--- Input records ---
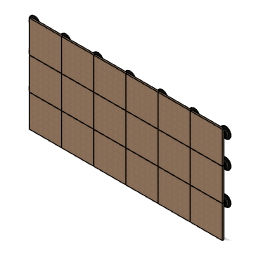
Balkon (Autodesk Fusion 360 archive; units mm, degrees)
design "Balkon2"
Autodesk Fusion 360 part; units mm, degrees
sketch "Skizze1" plane through (0, 0, 0) normal (0, 0, 1) x (1, 0, 0)
  line L0 (-1895, 890) -> (1895, 890)
  line L1 (1895, 890) -> (1895, -890)
  line L2 (1895, -890) -> (-1895, -890)
  line L3 (-1895, -890) -> (-1895, 890)
  line L4 (-1895, 890) -> (1895, -890) construction
  line L5 (1895, 890) -> (-1895, -890) construction
  line L6 (-1895, -490) -> (-1495, -890)
  line L7 (-1895, -490) -> (-1305.4449, -490) construction
  line L8 (1895, -490) -> (1495, -890)
  dimension "d1" = 1780
  dimension "d2" = 3790
  dimension "d3" = 45
  dimension "d4" = 400
  dimension "d5" = 45
  constraint horizontal L0
  constraint perpendicular L0 L1
  constraint parallel L0 L2
  constraint parallel L1 L3
  constraint coincident L4 origin
  constraint coincident L5 origin
  constraint horizontal L7
  constraint coincident L3 L6.start
  constraint coincident L1 L8.start
  constraint coincident L2 L8.end
  constraint coincident L2 L6.end
  constraint horizontal L6.start L8.start
  measures "d1" distance of L0.start L2.end
  measures "d2" distance of L0.start L0.end
  measures "d3" angle of L6 L7
  measures "d4" distance of L2 L8.start
  measures "d5" angle of L2 L8
sketch "Skizze2" plane through (0, 0, 10) normal (0, 0, 1) x (1, 0, 0)
  line L0 (-1895, -490) -> (-1495, -890)
  line L1 (-1495, -890) -> (1495, -890)
  line L2 (1495, -890) -> (1895, -490)
  line L3 (1895, -490) -> (1895, 890)
  line L4 (1895, 890) -> (-1895, 890)
  line L5 (-1895, 890) -> (-1895, -490)
  line L6 (-1995, 990) -> (1995, 990)
  line L7 (1995, 990) -> (1995, 890)
  line L8 (1995, 890) -> (-1995, 890)
  line L9 (-1995, 890) -> (-1995, 990)
  line L10 (1995, 890) -> (1895, 890)
  line L11 (1895, 890) -> (1895, -490)
  line L12 (1895, -490) -> (1995, -490)
  line L13 (1995, -490) -> (1995, 890)
  line L14 (-1995, 890) -> (-1895, 890)
  line L15 (-1895, 890) -> (-1895, -490)
  line L16 (-1895, -490) -> (-1995, -490)
  line L17 (-1995, -490) -> (-1995, 890)
  line L18 (-1995, -490) -> (-1595, -890)
  line L19 (-1595, -890) -> (-1495, -890)
  line L20 (1995, -490) -> (1595, -890)
  line L21 (1595, -890) -> (1495, -890)
  dimension "d8" = 100
  constraint horizontal L6
  constraint vertical L7
  constraint horizontal L8
  constraint vertical L9
  constraint horizontal L10
  constraint vertical L11
  constraint horizontal L12
  constraint vertical L13
  constraint coincident L2.end L3.start
  constraint horizontal L14
  constraint vertical L15
  constraint horizontal L16
  constraint vertical L17
  constraint coincident L0.start L5.end
  constraint coincident L0.end L1.start
  constraint parallel L1 L19
  constraint coincident L1.end L2.start
  constraint parallel L1 L21
  constraint parallel L2 L20
  constraint parallel L0 L18
  constraint equal L9 L14
  constraint equal L10 L14
  constraint collinear L4 L8
  measures "d8" distance of L6.start L8.end
sketch "Skizze1 (2)" plane through (0, 0, 10) normal (0, 0, 1) x (1, 0, 0) in component "Terassenlager"
  line L0 (-1895, -490) -> (-1495, -890)
  line L1 (-1495, -890) -> (1495, -890)
  line L2 (1495, -890) -> (1895, -490)
  line L3 (1895, -490) -> (1895, 890)
  line L4 (1895, 890) -> (-1895, 890)
  line L5 (-1895, 890) -> (-1895, -490)
  circle A0 centre (0, 0) radius 100
  dimension "d13" = 200
  constraint coincident A0.centre origin
  measures "d13" diameter of A0
extrude "Extrusion1" add sketch "Skizze1 (2)" along normal blind 5 contours A0 makes body 1 in component "Terassenlager"
sketch "Skizze2 (2)" plane through (0, 0, 15) normal (0, 0, 1) x (1, 0, 0) in component "Terassenlager"
  circle A0 centre (0, 0) radius 100
  circle A1 centre (0, 0) radius 60
  dimension "d16" = 120
  constraint concentric A0 A1
  measures "d16" diameter of A1
extrude "Extrusion2" add sketch "Skizze2 (2)" along normal blind 40 contours A1 bodies 1 in component "Terassenlager"
sketch "Skizze3" plane through (0, 0, 55) normal (0, 0, 1) x (1, 0, 0) in component "Terassenlager"
  circle A0 centre (0, 0) radius 60
  circle A1 centre (0, 0) radius 40
  line L0 (-1.5, 40) -> (1.5, 40)
  line L1 (1.5, 40) -> (1.5, -40)
  line L2 (1.5, -40) -> (-1.5, -40)
  line L3 (-1.5, -40) -> (-1.5, 40)
  line L4 (-1.5, 40) -> (1.5, -40) construction
  line L5 (1.5, 40) -> (-1.5, -40) construction
  line L6 (40, 1.5) -> (-40, 1.5)
  line L7 (-40, 1.5) -> (-40, -1.5)
  line L8 (-40, -1.5) -> (40, -1.5)
  line L9 (40, -1.5) -> (40, 1.5)
  line L10 (40, 1.5) -> (-40, -1.5) construction
  line L11 (-40, 1.5) -> (40, -1.5) construction
  dimension "d19" = 80
  dimension "d20" = 3
  dimension "d21" = 80
  constraint coincident A0.centre A1.centre
  constraint horizontal L0
  constraint perpendicular L0 L1
  constraint parallel L0 L2
  constraint parallel L1 L3
  constraint coincident L4 A0.centre
  constraint coincident L5 A0.centre
  constraint horizontal L6
  constraint perpendicular L6 L7
  constraint parallel L6 L8
  constraint parallel L7 L9
  constraint coincident L10 A0.centre
  constraint coincident L11 A0.centre
  constraint equal L2 L9
  constraint equal L1 L6
  measures "d19" diameter of A1
  measures "d20" distance of L1.end L2.end
  measures "d21" distance of L0.end L1.end
extrude "Extrusion3" add sketch "Skizze3" along normal blind 3 contours A1 L1 L6 | A1 L1 L8 | A1 L3 L6 | A1 L3 L8 bodies 1 in component "Terassenlager"
sketch "Skizze1 (3)" plane through (0, 0, 0) normal (0, 0, 1) x (1, 0, 0) in component "Platte6060"
  line L0 (0, 0) -> (-600, 0)
  line L1 (-600, 0) -> (-600, -600)
  line L2 (-600, -600) -> (0, -600)
  line L3 (0, -600) -> (0, 0)
  dimension "d60" = 600
  dimension "d61" = 600
  constraint horizontal L0
  constraint vertical L1
  constraint horizontal L2
  constraint vertical L3
  constraint coincident L0.start L3.end
  measures "d60" distance of L0.start L0.end
  measures "d61" distance of L0.start L2.end
extrude "Extrusion1'" add sketch "Skizze1 (3)" along normal blind 30 separate body makes body 2 in component "Platte6060"
pattern_linear "弁25" [suppressed]
pattern_linear "码2" [suppressed]
component "Terassenlager" placed x (1, 0, 0) y (0, 1, 0) z (0, 0, 1) at (1.5, 278.5, 0)
component "Platte6060" placed x (1, 0, 0) y (0, 1, 0) z (0, 0, 1) at (0, 880, 60)
component "Platte6060" placed x (1, 0, 0) y (0, 1, 0) z (0, 0, 1) at (-1206, 880, 60)
component "Platte6060" placed x (1, 0, 0) y (0, 1, 0) z (0, 0, 1) at (-603, 880, 60)
component "Platte6060" placed x (1, 0, 0) y (0, 1, 0) z (0, 0, 1) at (603, 880, 60)
component "Platte6060" placed x (1, 0, 0) y (0, 1, 0) z (0, 0, 1) at (1206, 880, 60)
component "Platte6060" placed x (1, 0, 0) y (0, 1, 0) z (0, 0, 1) at (1809, 880, 60)
component "Platte6060" placed x (1, 0, 0) y (0, 1, 0) z (0, 0, 1) at (-1206, 277, 60)
component "Platte6060" placed x (1, 0, 0) y (0, 1, 0) z (0, 0, 1) at (-603, 277, 60)
component "Platte6060" placed x (1, 0, 0) y (0, 1, 0) z (0, 0, 1) at (0, 277, 60)
component "Platte6060" placed x (1, 0, 0) y (0, 1, 0) z (0, 0, 1) at (603, 277, 60)
component "Platte6060" placed x (1, 0, 0) y (0, 1, 0) z (0, 0, 1) at (1206, 277, 60)
component "Platte6060" placed x (1, 0, 0) y (0, 1, 0) z (0, 0, 1) at (1809, 277, 60)
component "Platte6060" placed x (1, 0, 0) y (0, 1, 0) z (0, 0, 1) at (-1206, -326, 60)
component "Platte6060" placed x (1, 0, 0) y (0, 1, 0) z (0, 0, 1) at (-603, -326, 60)
component "Platte6060" placed x (1, 0, 0) y (0, 1, 0) z (0, 0, 1) at (0, -326, 60)
component "Platte6060" placed x (1, 0, 0) y (0, 1, 0) z (0, 0, 1) at (603, -326, 60)
component "Platte6060" placed x (1, 0, 0) y (0, 1, 0) z (0, 0, 1) at (1206, -326, 60)
component "Platte6060" placed x (1, 0, 0) y (0, 1, 0) z (0, 0, 1) at (1809, -326, 60)
component "Terassenlager" placed x (1, 0, 0) y (0, 1, 0) z (0, 0, 1) at (-1807.5, 881.5, 0)
component "Terassenlager" placed x (1, 0, 0) y (0, 1, 0) z (0, 0, 1) at (-1807.5, 278.5, 0)
component "Terassenlager" placed x (1, 0, 0) y (0, 1, 0) z (0, 0, 1) at (-1807.5, -324.5, 0)
component "Terassenlager" placed x (1, 0, 0) y (0, 1, 0) z (0, 0, 1) at (-1807.5, -927.5, 0)
component "Terassenlager" placed x (1, 0, 0) y (0, 1, 0) z (0, 0, 1) at (-1204.5, 881.5, 0)
component "Terassenlager" placed x (1, 0, 0) y (0, 1, 0) z (0, 0, 1) at (-1204.5, 278.5, 0)
component "Terassenlager" placed x (1, 0, 0) y (0, 1, 0) z (0, 0, 1) at (-1204.5, -324.5, 0)
component "Terassenlager" placed x (1, 0, 0) y (0, 1, 0) z (0, 0, 1) at (-1204.5, -927.5, 0)
component "Terassenlager" placed x (1, 0, 0) y (0, 1, 0) z (0, 0, 1) at (-601.5, 881.5, 0)
component "Terassenlager" placed x (1, 0, 0) y (0, 1, 0) z (0, 0, 1) at (-601.5, 278.5, 0)
component "Terassenlager" placed x (1, 0, 0) y (0, 1, 0) z (0, 0, 1) at (-601.5, -324.5, 0)
component "Terassenlager" placed x (1, 0, 0) y (0, 1, 0) z (0, 0, 1) at (-601.5, -927.5, 0)
component "Terassenlager" placed x (1, 0, 0) y (0, 1, 0) z (0, 0, 1) at (1.5, 881.5, 0)
component "Terassenlager" placed x (1, 0, 0) y (0, 1, 0) z (0, 0, 1) at (1.5, -324.5, 0)
component "Terassenlager" placed x (1, 0, 0) y (0, 1, 0) z (0, 0, 1) at (1.5, -927.5, 0)
component "Terassenlager" placed x (1, 0, 0) y (0, 1, 0) z (0, 0, 1) at (604.5, 881.5, 0)
component "Terassenlager" placed x (1, 0, 0) y (0, 1, 0) z (0, 0, 1) at (604.5, 278.5, 0)
component "Terassenlager" placed x (1, 0, 0) y (0, 1, 0) z (0, 0, 1) at (604.5, -324.5, 0)
component "Terassenlager" placed x (1, 0, 0) y (0, 1, 0) z (0, 0, 1) at (604.5, -927.5, 0)
component "Terassenlager" placed x (1, 0, 0) y (0, 1, 0) z (0, 0, 1) at (1207.5, 881.5, 0)
component "Terassenlager" placed x (1, 0, 0) y (0, 1, 0) z (0, 0, 1) at (1207.5, 278.5, 0)
component "Terassenlager" placed x (1, 0, 0) y (0, 1, 0) z (0, 0, 1) at (1207.5, -324.5, 0)
component "Terassenlager" placed x (1, 0, 0) y (0, 1, 0) z (0, 0, 1) at (1207.5, -927.5, 0)
component "Terassenlager" placed x (1, 0, 0) y (0, 1, 0) z (0, 0, 1) at (1810.5, 881.5, 0)
component "Terassenlager" placed x (1, 0, 0) y (0, 1, 0) z (0, 0, 1) at (1810.5, 278.5, 0)
component "Terassenlager" placed x (1, 0, 0) y (0, 1, 0) z (0, 0, 1) at (1810.5, -324.5, 0)
component "Terassenlager" placed x (1, 0, 0) y (0, 1, 0) z (0, 0, 1) at (1810.5, -927.5, 0)
equation "d5 = d3"

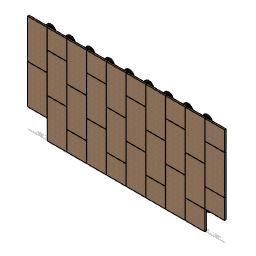
design "Balkon1"
Autodesk Fusion 360 part; units mm, degrees
sketch "Skizze1" plane through (0, 0, 0) normal (0, 0, 1) x (1, 0, 0)
  line L0 (-1895, 890) -> (1895, 890)
  line L1 (1895, 890) -> (1895, -890)
  line L2 (1895, -890) -> (-1895, -890)
  line L3 (-1895, -890) -> (-1895, 890)
  line L4 (-1895, 890) -> (1895, -890) construction
  line L5 (1895, 890) -> (-1895, -890) construction
  line L6 (-1895, -490) -> (-1495, -890)
  line L7 (-1895, -490) -> (-1305.4449, -490) construction
  line L8 (1895, -490) -> (1495, -890)
  dimension "d1" = 1780
  dimension "d2" = 3790
  dimension "d3" = 45
  dimension "d4" = 400
  dimension "d5" = 45
  constraint horizontal L0
  constraint perpendicular L0 L1
  constraint parallel L0 L2
  constraint parallel L1 L3
  constraint coincident L4 origin
  constraint coincident L5 origin
  constraint horizontal L7
  constraint coincident L3 L6.start
  constraint coincident L1 L8.start
  constraint coincident L2 L8.end
  constraint coincident L2 L6.end
  constraint horizontal L6.start L8.start
  measures "d1" distance of L0.start L2.end
  measures "d2" distance of L0.start L0.end
  measures "d3" angle of L6 L7
  measures "d4" distance of L2 L8.start
  measures "d5" angle of L2 L8
sketch "Skizze2" plane through (0, 0, 10) normal (0, 0, 1) x (1, 0, 0)
  line L0 (-1895, -490) -> (-1495, -890)
  line L1 (-1495, -890) -> (1495, -890)
  line L2 (1495, -890) -> (1895, -490)
  line L3 (1895, -490) -> (1895, 890)
  line L4 (1895, 890) -> (-1895, 890)
  line L5 (-1895, 890) -> (-1895, -490)
  line L6 (-1995, 990) -> (1995, 990)
  line L7 (1995, 990) -> (1995, 890)
  line L8 (1995, 890) -> (-1995, 890)
  line L9 (-1995, 890) -> (-1995, 990)
  line L10 (1995, 890) -> (1895, 890)
  line L11 (1895, 890) -> (1895, -490)
  line L12 (1895, -490) -> (1995, -490)
  line L13 (1995, -490) -> (1995, 890)
  line L14 (-1995, 890) -> (-1895, 890)
  line L15 (-1895, 890) -> (-1895, -490)
  line L16 (-1895, -490) -> (-1995, -490)
  line L17 (-1995, -490) -> (-1995, 890)
  line L18 (-1995, -490) -> (-1595, -890)
  line L19 (-1595, -890) -> (-1495, -890)
  line L20 (1995, -490) -> (1595, -890)
  line L21 (1595, -890) -> (1495, -890)
  dimension "d8" = 100
  constraint horizontal L6
  constraint vertical L7
  constraint horizontal L8
  constraint vertical L9
  constraint horizontal L10
  constraint vertical L11
  constraint horizontal L12
  constraint vertical L13
  constraint coincident L2.end L3.start
  constraint horizontal L14
  constraint vertical L15
  constraint horizontal L16
  constraint vertical L17
  constraint coincident L0.start L5.end
  constraint coincident L0.end L1.start
  constraint parallel L1 L19
  constraint coincident L1.end L2.start
  constraint parallel L1 L21
  constraint parallel L2 L20
  constraint parallel L0 L18
  constraint equal L9 L14
  constraint equal L10 L14
  constraint collinear L4 L8
  measures "d8" distance of L6.start L8.end
sketch "Skizze1 (2)" plane through (0, 0, 10) normal (0, 0, 1) x (1, 0, 0) in component "Terassenlager"
  line L0 (-1895, -490) -> (-1495, -890)
  line L1 (-1495, -890) -> (1495, -890)
  line L2 (1495, -890) -> (1895, -490)
  line L3 (1895, -490) -> (1895, 890)
  line L4 (1895, 890) -> (-1895, 890)
  line L5 (-1895, 890) -> (-1895, -490)
  circle A0 centre (0, 0) radius 100
  dimension "d13" = 200
  constraint coincident A0.centre origin
  measures "d13" diameter of A0
extrude "Extrusion1" add sketch "Skizze1 (2)" along normal blind 5 contours A0 makes body 1 in component "Terassenlager"
sketch "Skizze2 (2)" plane through (0, 0, 15) normal (0, 0, 1) x (1, 0, 0) in component "Terassenlager"
  circle A0 centre (0, 0) radius 100
  circle A1 centre (0, 0) radius 60
  dimension "d16" = 120
  constraint concentric A0 A1
  measures "d16" diameter of A1
extrude "Extrusion2" add sketch "Skizze2 (2)" along normal blind 40 contours A1 bodies 1 in component "Terassenlager"
sketch "Skizze3" plane through (0, 0, 55) normal (0, 0, 1) x (1, 0, 0) in component "Terassenlager"
  circle A0 centre (0, 0) radius 60
  circle A1 centre (0, 0) radius 40
  line L0 (-1.5, 40) -> (1.5, 40)
  line L1 (1.5, 40) -> (1.5, -40)
  line L2 (1.5, -40) -> (-1.5, -40)
  line L3 (-1.5, -40) -> (-1.5, 40)
  line L4 (-1.5, 40) -> (1.5, -40) construction
  line L5 (1.5, 40) -> (-1.5, -40) construction
  line L6 (40, 1.5) -> (-40, 1.5)
  line L7 (-40, 1.5) -> (-40, -1.5)
  line L8 (-40, -1.5) -> (40, -1.5)
  line L9 (40, -1.5) -> (40, 1.5)
  line L10 (40, 1.5) -> (-40, -1.5) construction
  line L11 (-40, 1.5) -> (40, -1.5) construction
  dimension "d19" = 80
  dimension "d20" = 3
  dimension "d21" = 80
  constraint coincident A0.centre A1.centre
  constraint horizontal L0
  constraint perpendicular L0 L1
  constraint parallel L0 L2
  constraint parallel L1 L3
  constraint coincident L4 A0.centre
  constraint coincident L5 A0.centre
  constraint horizontal L6
  constraint perpendicular L6 L7
  constraint parallel L6 L8
  constraint parallel L7 L9
  constraint coincident L10 A0.centre
  constraint coincident L11 A0.centre
  constraint equal L2 L9
  constraint equal L1 L6
  measures "d19" diameter of A1
  measures "d20" distance of L1.end L2.end
  measures "d21" distance of L0.end L1.end
extrude "Extrusion3" add sketch "Skizze3" along normal blind 3 contours A1 L1 L6 | A1 L1 L8 | A1 L3 L6 | A1 L3 L8 bodies 1 in component "Terassenlager"
sketch "Skizze1 (3)" plane through (0, 0, 0) normal (0, 0, 1) x (1, 0, 0) in component "PLatte4080"
  line L0 (0, 0) -> (-400, 0)
  line L1 (-400, 0) -> (-400, -800)
  line L2 (-400, -800) -> (0, -800)
  line L3 (0, -800) -> (0, 0)
  dimension "d32" = 400
  dimension "d33" = 800
  constraint horizontal L0
  constraint vertical L1
  constraint horizontal L2
  constraint vertical L3
  constraint coincident L0.start L3.end
  measures "d32" distance of L0.start L0.end
  measures "d33" distance of L0.start L2.end
extrude "Extrusion1'" add sketch "Skizze1 (3)" along normal blind 30 separate body makes body 2 in component "PLatte4080"
sketch "Skizze1 (4)" plane through (0, 0, 0) normal (0, 0, 1) x (1, 0, 0) in component "Platte4040"
  line L0 (0, 0) -> (-400, 0)
  line L1 (-400, 0) -> (-400, -400)
  line L2 (-400, -400) -> (0, -400)
  line L3 (0, -400) -> (0, 0)
  dimension "d36" = 400
  dimension "d37" = 400
  constraint horizontal L0
  constraint vertical L1
  constraint horizontal L2
  constraint vertical L3
  constraint coincident L0.start L3.end
  measures "d36" distance of L0.start L0.end
  measures "d37" distance of L0.start L2.end
extrude "Extrusion1''" add sketch "Skizze1 (4)" along normal blind 30 separate body makes body 3 in component "Platte4040"
pattern_linear "堁14" [suppressed]
pattern_linear "堁\u000e\u0000\u0000\u0000Ā໸\u0000\u0000\u0000\u0000" [suppressed]
pattern_linear "14" [suppressed]
pattern_linear "ⴁ17" [suppressed]
form "Form1" [no effect]
pattern_linear "码2" [suppressed]
component "Terassenlager" placed x (1, 0, 0) y (0, 1, 0) z (0, 0, 1) at (-2010.8981, 78.0969, 0)
component "PLatte4080" placed x (1, 0, 0) y (0, 1, 0) z (0, 0, 1) at (0, 880, 60)
component "Platte4040" placed x (1, 0, 0) y (0, 1, 0) z (0, 0, 1) at (403, 880, 60)
component "PLatte4080" placed x (1, 0, 0) y (0, 1, 0) z (0, 0, 1) at (-1612, 880, 60)
component "PLatte4080" placed x (1, 0, 0) y (0, 1, 0) z (0, 0, 1) at (-1209, 477, 60)
component "PLatte4080" placed x (1, 0, 0) y (0, 1, 0) z (0, 0, 1) at (-806, 880, 60)
component "PLatte4080" placed x (1, 0, 0) y (0, 1, 0) z (0, 0, 1) at (-403, 477, 60)
component "PLatte4080" placed x (1, 0, 0) y (0, 1, 0) z (0, 0, 1) at (403, 477, 60)
component "PLatte4080" placed x (1, 0, 0) y (0, 1, 0) z (0, 0, 1) at (806, 880, 60)
component "PLatte4080" placed x (1, 0, 0) y (0, 1, 0) z (0, 0, 1) at (1209, 477, 60)
component "PLatte4080" placed x (1, 0, 0) y (0, 1, 0) z (0, 0, 1) at (1612, 880, 60)
component "PLatte4080" placed x (1, 0, 0) y (0, 1, 0) z (0, 0, 1) at (2015, 477, 60)
component "PLatte4080" placed x (1, 0, 0) y (0, 1, 0) z (0, 0, 1) at (0, 77, 60)
component "Platte4040" placed x (1, 0, 0) y (0, 1, 0) z (0, 0, 1) at (1612, -726, 60)
component "PLatte4080" placed x (1, 0, 0) y (0, 1, 0) z (0, 0, 1) at (-1612, 77, 60)
component "PLatte4080" placed x (1, 0, 0) y (0, 1, 0) z (0, 0, 1) at (-1209, -326, 60)
component "PLatte4080" placed x (1, 0, 0) y (0, 1, 0) z (0, 0, 1) at (-806, 77, 60)
component "PLatte4080" placed x (1, 0, 0) y (0, 1, 0) z (0, 0, 1) at (-403, -326, 60)
component "PLatte4080" placed x (1, 0, 0) y (0, 1, 0) z (0, 0, 1) at (403, -326, 60)
component "PLatte4080" placed x (1, 0, 0) y (0, 1, 0) z (0, 0, 1) at (806, 77, 60)
component "PLatte4080" placed x (1, 0, 0) y (0, 1, 0) z (0, 0, 1) at (1209, -326, 60)
component "PLatte4080" placed x (1, 0, 0) y (0, 1, 0) z (0, 0, 1) at (1612, 77, 60)
component "PLatte4080" placed x (1, 0, 0) y (0, 1, 0) z (0, 0, 1) at (2015, -326, 60)
component "Platte4040" placed x (1, 0, 0) y (0, 1, 0) z (0, 0, 1) at (2015, 880, 60)
component "Platte4040" placed x (1, 0, 0) y (0, 1, 0) z (0, 0, 1) at (1209, 880, 60)
component "Platte4040" placed x (1, 0, 0) y (0, 1, 0) z (0, 0, 1) at (-403, 880, 60)
component "Platte4040" placed x (1, 0, 0) y (0, 1, 0) z (0, 0, 1) at (-1209, 880, 60)
component "Platte4040" placed x (1, 0, 0) y (0, 1, 0) z (0, 0, 1) at (806, -726, 60)
component "Platte4040" placed x (1, 0, 0) y (0, 1, 0) z (0, 0, 1) at (0, -726, 60)
component "Platte4040" placed x (1, 0, 0) y (0, 1, 0) z (0, 0, 1) at (-806, -726, 60)
component "Platte4040" placed x (1, 0, 0) y (0, 1, 0) z (0, 0, 1) at (2015, -324, 60)
component "Terassenlager" placed x (1, 0, 0) y (0, 1, 0) z (0, 0, 1) at (-2010.8981, 878.0969, 0)
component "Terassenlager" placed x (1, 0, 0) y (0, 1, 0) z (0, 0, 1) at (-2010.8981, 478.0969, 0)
---
What to work on ▸ Taking the records above, retype every line from the one with "(-1612, 77, 60)" down to the one with "(-806, 77, 60)", exactly and with nothing else.

Response ▸
component "PLatte4080" placed x (1, 0, 0) y (0, 1, 0) z (0, 0, 1) at (-1612, 77, 60)
component "PLatte4080" placed x (1, 0, 0) y (0, 1, 0) z (0, 0, 1) at (-1209, -326, 60)
component "PLatte4080" placed x (1, 0, 0) y (0, 1, 0) z (0, 0, 1) at (-806, 77, 60)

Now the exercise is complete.